しかし女流王座の日程は福間の妊娠によって延期された為、挑戦者決定戦の日程も延期していれば室谷はタイトル戦を指せていた可能性がある。
「今回の件で、改めて室谷さんにも同情が集まっています」(前述の観戦記者)
一連のドタバタに対し、女流棋士たちの不信や疑問は膨れ上がっていく。25年1月23日には女流棋士を集めて羽生や清水らが説明会を行った。
「後手後手の対策の責任は執行部にあるのでは」と声を震わせながら追及する若い女流たちに対し、執行部は押し黙ったままだったと言う。
そして執行部は25年4月、今回問題になった「妊娠したらタイトル戦を指せない」という規定を設ける事で「福間案件」の幕引きを図った訳だが、事態は解決するどころか逆に未曽有のトラブルになってしまった。
この規定は、妊娠したら事実上の不戦敗を意味することから、大きな反発を生んだ。そして12月10日の福間の会見を受けて、この規定は解除されることになった訳である。
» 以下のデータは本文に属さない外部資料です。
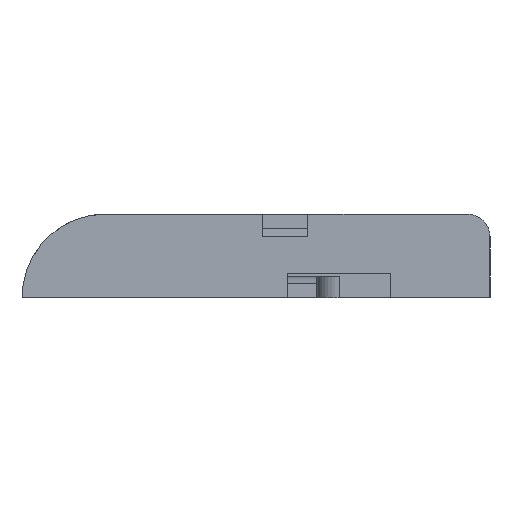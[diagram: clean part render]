
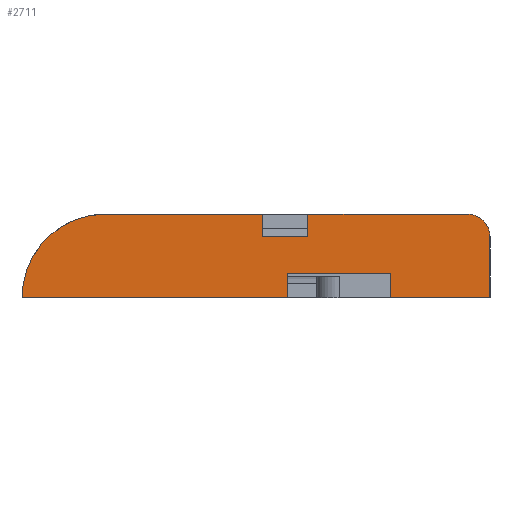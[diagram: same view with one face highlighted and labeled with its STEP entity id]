
A CAD part, left-side view. The second image highlights one B-rep face of the part: STEP entity #2711.
In plain terms, the highlighted planar face has unit normal (-1, 0, 0).
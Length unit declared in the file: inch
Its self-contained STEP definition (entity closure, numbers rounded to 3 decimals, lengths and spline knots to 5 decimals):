
#6 = DIRECTION ( 'NONE',  ( 0., -1., 0. ) ) ;
#56 = CARTESIAN_POINT ( 'NONE',  ( -5.00064, 1.32512, 0. ) ) ;
#63 = DIRECTION ( 'NONE',  ( 0., -1., 0. ) ) ;
#74 = ORIENTED_EDGE ( 'NONE', *, *, #1074, .T. ) ;
#96 = CARTESIAN_POINT ( 'NONE',  ( -5.00064, -0.77841, 0.73097 ) ) ;
#141 = VERTEX_POINT ( 'NONE', #1466 ) ;
#144 = ORIENTED_EDGE ( 'NONE', *, *, #3401, .T. ) ;
#170 = VECTOR ( 'NONE', #3319, 39.37008 ) ;
#226 = PLANE ( 'NONE',  #1350 ) ;
#242 = ORIENTED_EDGE ( 'NONE', *, *, #1157, .F. ) ;
#271 = DIRECTION ( 'NONE',  ( 0., 0., 1. ) ) ;
#324 = AXIS2_PLACEMENT_3D ( 'NONE', #1013, #2882, #1277 ) ;
#400 = ORIENTED_EDGE ( 'NONE', *, *, #1115, .F. ) ;
#419 = LINE ( 'NONE', #919, #3061 ) ;
#490 = CARTESIAN_POINT ( 'NONE',  ( -5.00064, -1.89702, 0. ) ) ;
#491 = CARTESIAN_POINT ( 'NONE',  ( -5.00064, 0., 0.21654 ) ) ;
#493 = VERTEX_POINT ( 'NONE', #1075 ) ;
#497 = CARTESIAN_POINT ( 'NONE',  ( -5.00064, 2.30886, -16.99949 ) ) ;
#537 = VERTEX_POINT ( 'NONE', #56 ) ;
#623 = VERTEX_POINT ( 'NONE', #96 ) ;
#664 = VECTOR ( 'NONE', #2384, 39.37008 ) ;
#729 = VECTOR ( 'NONE', #63, 39.37008 ) ;
#767 = DIRECTION ( 'NONE',  ( -1., 0., 0. ) ) ;
#816 = EDGE_CURVE ( 'NONE', #1792, #1853, #419, .T. ) ;
#826 = LINE ( 'NONE', #1574, #1602 ) ;
#832 = EDGE_CURVE ( 'NONE', #623, #2201, #1570, .T. ) ;
#862 = CARTESIAN_POINT ( 'NONE',  ( -5.00064, 0.6158, 0.73097 ) ) ;
#870 = CARTESIAN_POINT ( 'NONE',  ( -5.00064, -0.77841, 0.53412 ) ) ;
#919 = CARTESIAN_POINT ( 'NONE',  ( -5.00064, -2.76317, -0.73097 ) ) ;
#935 = CARTESIAN_POINT ( 'NONE',  ( -5.00064, -2.76317, 0. ) ) ;
#946 = LINE ( 'NONE', #491, #1635 ) ;
#950 = LINE ( 'NONE', #2434, #729 ) ;
#1013 = CARTESIAN_POINT ( 'NONE',  ( -5.00064, -2.56632, 0.53412 ) ) ;
#1017 = EDGE_CURVE ( 'NONE', #537, #3003, #1937, .T. ) ;
#1057 = EDGE_CURVE ( 'NONE', #1853, #141, #1149, .T. ) ;
#1070 = VECTOR ( 'NONE', #2648, 39.37008 ) ;
#1074 = EDGE_CURVE ( 'NONE', #537, #2188, #3186, .T. ) ;
#1075 = CARTESIAN_POINT ( 'NONE',  ( -5.00064, -0.99151, 0.21654 ) ) ;
#1089 = ORIENTED_EDGE ( 'NONE', *, *, #1093, .F. ) ;
#1093 = EDGE_CURVE ( 'NONE', #2201, #2470, #3103, .T. ) ;
#1099 = EDGE_CURVE ( 'NONE', #3288, #1792, #3020, .T. ) ;
#1115 = EDGE_CURVE ( 'NONE', #1306, #141, #826, .T. ) ;
#1149 = CIRCLE ( 'NONE', #324, 0.19685 ) ;
#1157 = EDGE_CURVE ( 'NONE', #2470, #1306, #1433, .T. ) ;
#1183 = CARTESIAN_POINT ( 'NONE',  ( -5.00064, -0.77841, 0.73097 ) ) ;
#1187 = EDGE_CURVE ( 'NONE', #3288, #2433, #1354, .T. ) ;
#1252 = CARTESIAN_POINT ( 'NONE',  ( -5.00064, 0.59382, 0. ) ) ;
#1277 = DIRECTION ( 'NONE',  ( 0., 0., 1. ) ) ;
#1280 = VECTOR ( 'NONE', #3190, 39.37008 ) ;
#1306 = VERTEX_POINT ( 'NONE', #3220 ) ;
#1307 = CARTESIAN_POINT ( 'NONE',  ( -5.00064, 2.30886, 0. ) ) ;
#1321 = EDGE_CURVE ( 'NONE', #3003, #623, #950, .T. ) ;
#1331 = CARTESIAN_POINT ( 'NONE',  ( -5.00064, -1.89702, -0.21654 ) ) ;
#1350 = AXIS2_PLACEMENT_3D ( 'NONE', #497, #767, #2624 ) ;
#1354 = LINE ( 'NONE', #1331, #1280 ) ;
#1416 = ORIENTED_EDGE ( 'NONE', *, *, #2704, .F. ) ;
#1417 = ORIENTED_EDGE ( 'NONE', *, *, #1099, .T. ) ;
#1433 = LINE ( 'NONE', #1847, #664 ) ;
#1466 = CARTESIAN_POINT ( 'NONE',  ( -5.00064, -2.56632, 0.73097 ) ) ;
#1474 = FACE_OUTER_BOUND ( 'NONE', #2629, .T. ) ;
#1521 = DIRECTION ( 'NONE',  ( 0., 0., 1. ) ) ;
#1570 = LINE ( 'NONE', #1183, #170 ) ;
#1574 = CARTESIAN_POINT ( 'NONE',  ( -5.00064, -0.47716, 0.73097 ) ) ;
#1602 = VECTOR ( 'NONE', #6, 39.37008 ) ;
#1635 = VECTOR ( 'NONE', #2589, 39.37008 ) ;
#1640 = ORIENTED_EDGE ( 'NONE', *, *, #1187, .F. ) ;
#1651 = VECTOR ( 'NONE', #271, 39.37008 ) ;
#1740 = CARTESIAN_POINT ( 'NONE',  ( -5.00064, -2.76317, 0.53412 ) ) ;
#1779 = ORIENTED_EDGE ( 'NONE', *, *, #1057, .T. ) ;
#1792 = VERTEX_POINT ( 'NONE', #935 ) ;
#1847 = CARTESIAN_POINT ( 'NONE',  ( -5.00064, -1.17211, 0.53412 ) ) ;
#1851 = CARTESIAN_POINT ( 'NONE',  ( -5.00064, -0.99151, 0. ) ) ;
#1853 = VERTEX_POINT ( 'NONE', #1740 ) ;
#1922 = CARTESIAN_POINT ( 'NONE',  ( -5.00064, -0.99151, 0. ) ) ;
#1937 = CIRCLE ( 'NONE', #2539, 0.7313 ) ;
#1986 = DIRECTION ( 'NONE',  ( 0., 0., 1. ) ) ;
#2021 = ORIENTED_EDGE ( 'NONE', *, *, #832, .F. ) ;
#2103 = CARTESIAN_POINT ( 'NONE',  ( -5.00064, -0.77841, 0.53412 ) ) ;
#2188 = VERTEX_POINT ( 'NONE', #1922 ) ;
#2201 = VERTEX_POINT ( 'NONE', #870 ) ;
#2214 = CARTESIAN_POINT ( 'NONE',  ( -5.00064, -1.17211, 0.53412 ) ) ;
#2335 = VECTOR ( 'NONE', #2371, 39.37008 ) ;
#2371 = DIRECTION ( 'NONE',  ( 0., -1., 0. ) ) ;
#2384 = DIRECTION ( 'NONE',  ( 0., 0., 1. ) ) ;
#2433 = VERTEX_POINT ( 'NONE', #2456 ) ;
#2434 = CARTESIAN_POINT ( 'NONE',  ( -5.00064, -0.47716, 0.73097 ) ) ;
#2456 = CARTESIAN_POINT ( 'NONE',  ( -5.00064, -1.89702, 0.21654 ) ) ;
#2469 = ORIENTED_EDGE ( 'NONE', *, *, #1321, .F. ) ;
#2470 = VERTEX_POINT ( 'NONE', #2214 ) ;
#2539 = AXIS2_PLACEMENT_3D ( 'NONE', #1252, #3107, #1521 ) ;
#2589 = DIRECTION ( 'NONE',  ( 0., 1., 0. ) ) ;
#2617 = CARTESIAN_POINT ( 'NONE',  ( -5.00064, 2.30886, 0. ) ) ;
#2624 = DIRECTION ( 'NONE',  ( 0., 0., 1. ) ) ;
#2629 = EDGE_LOOP ( 'NONE', ( #3166, #74, #144, #1416, #1640, #1417, #3394, #1779, #400, #242, #1089, #2021, #2469 ) ) ;
#2640 = DIRECTION ( 'NONE',  ( 0., -1., 0. ) ) ;
#2648 = DIRECTION ( 'NONE',  ( 0., -1., 0. ) ) ;
#2704 = EDGE_CURVE ( 'NONE', #2433, #493, #946, .T. ) ;
#2711 = ADVANCED_FACE ( 'NONE', ( #1474 ), #226, .T. ) ;
#2882 = DIRECTION ( 'NONE',  ( -1., 0., 0. ) ) ;
#2946 = VECTOR ( 'NONE', #2640, 39.37008 ) ;
#3003 = VERTEX_POINT ( 'NONE', #862 ) ;
#3020 = LINE ( 'NONE', #1307, #2946 ) ;
#3061 = VECTOR ( 'NONE', #1986, 39.37008 ) ;
#3078 = LINE ( 'NONE', #1851, #1651 ) ;
#3103 = LINE ( 'NONE', #2103, #2335 ) ;
#3107 = DIRECTION ( 'NONE',  ( 1., 0., 0. ) ) ;
#3166 = ORIENTED_EDGE ( 'NONE', *, *, #1017, .F. ) ;
#3186 = LINE ( 'NONE', #2617, #1070 ) ;
#3190 = DIRECTION ( 'NONE',  ( 0., 0., 1. ) ) ;
#3220 = CARTESIAN_POINT ( 'NONE',  ( -5.00064, -1.17211, 0.73097 ) ) ;
#3288 = VERTEX_POINT ( 'NONE', #490 ) ;
#3319 = DIRECTION ( 'NONE',  ( 0., 0., -1. ) ) ;
#3394 = ORIENTED_EDGE ( 'NONE', *, *, #816, .T. ) ;
#3401 = EDGE_CURVE ( 'NONE', #2188, #493, #3078, .T. ) ;

福間は独身時代、2023年におこなった「集英社オンライン」の対談で「結婚しても将棋はずっと続けていきたい」「(子育てや家事は)夫婦で助け合いながらって大事ですよね」と語っており、時代に合った女流棋士の“働きかた”を訴えていた。
彼女の思いや行動は正当なものだが、同時にこの問題は、運営側に突き付けられた難題の深さも浮き彫りにした。
自身も三児の母であるタイトル通算十九期獲得の中井広恵・女流六段はこう語る。
「妊娠によって対局機会を失いたくない福間さんの気持ちは痛いほど分かります。一方で運営サイドからすると、このままでは女流タイトル戦の日程調整が非常に大変になる。他の女流との公平性を保つルールを作るのは簡単ではないと感じています」
内外から厳しい目を向けられている連盟執行部は妙手をひねり出せるだろうか。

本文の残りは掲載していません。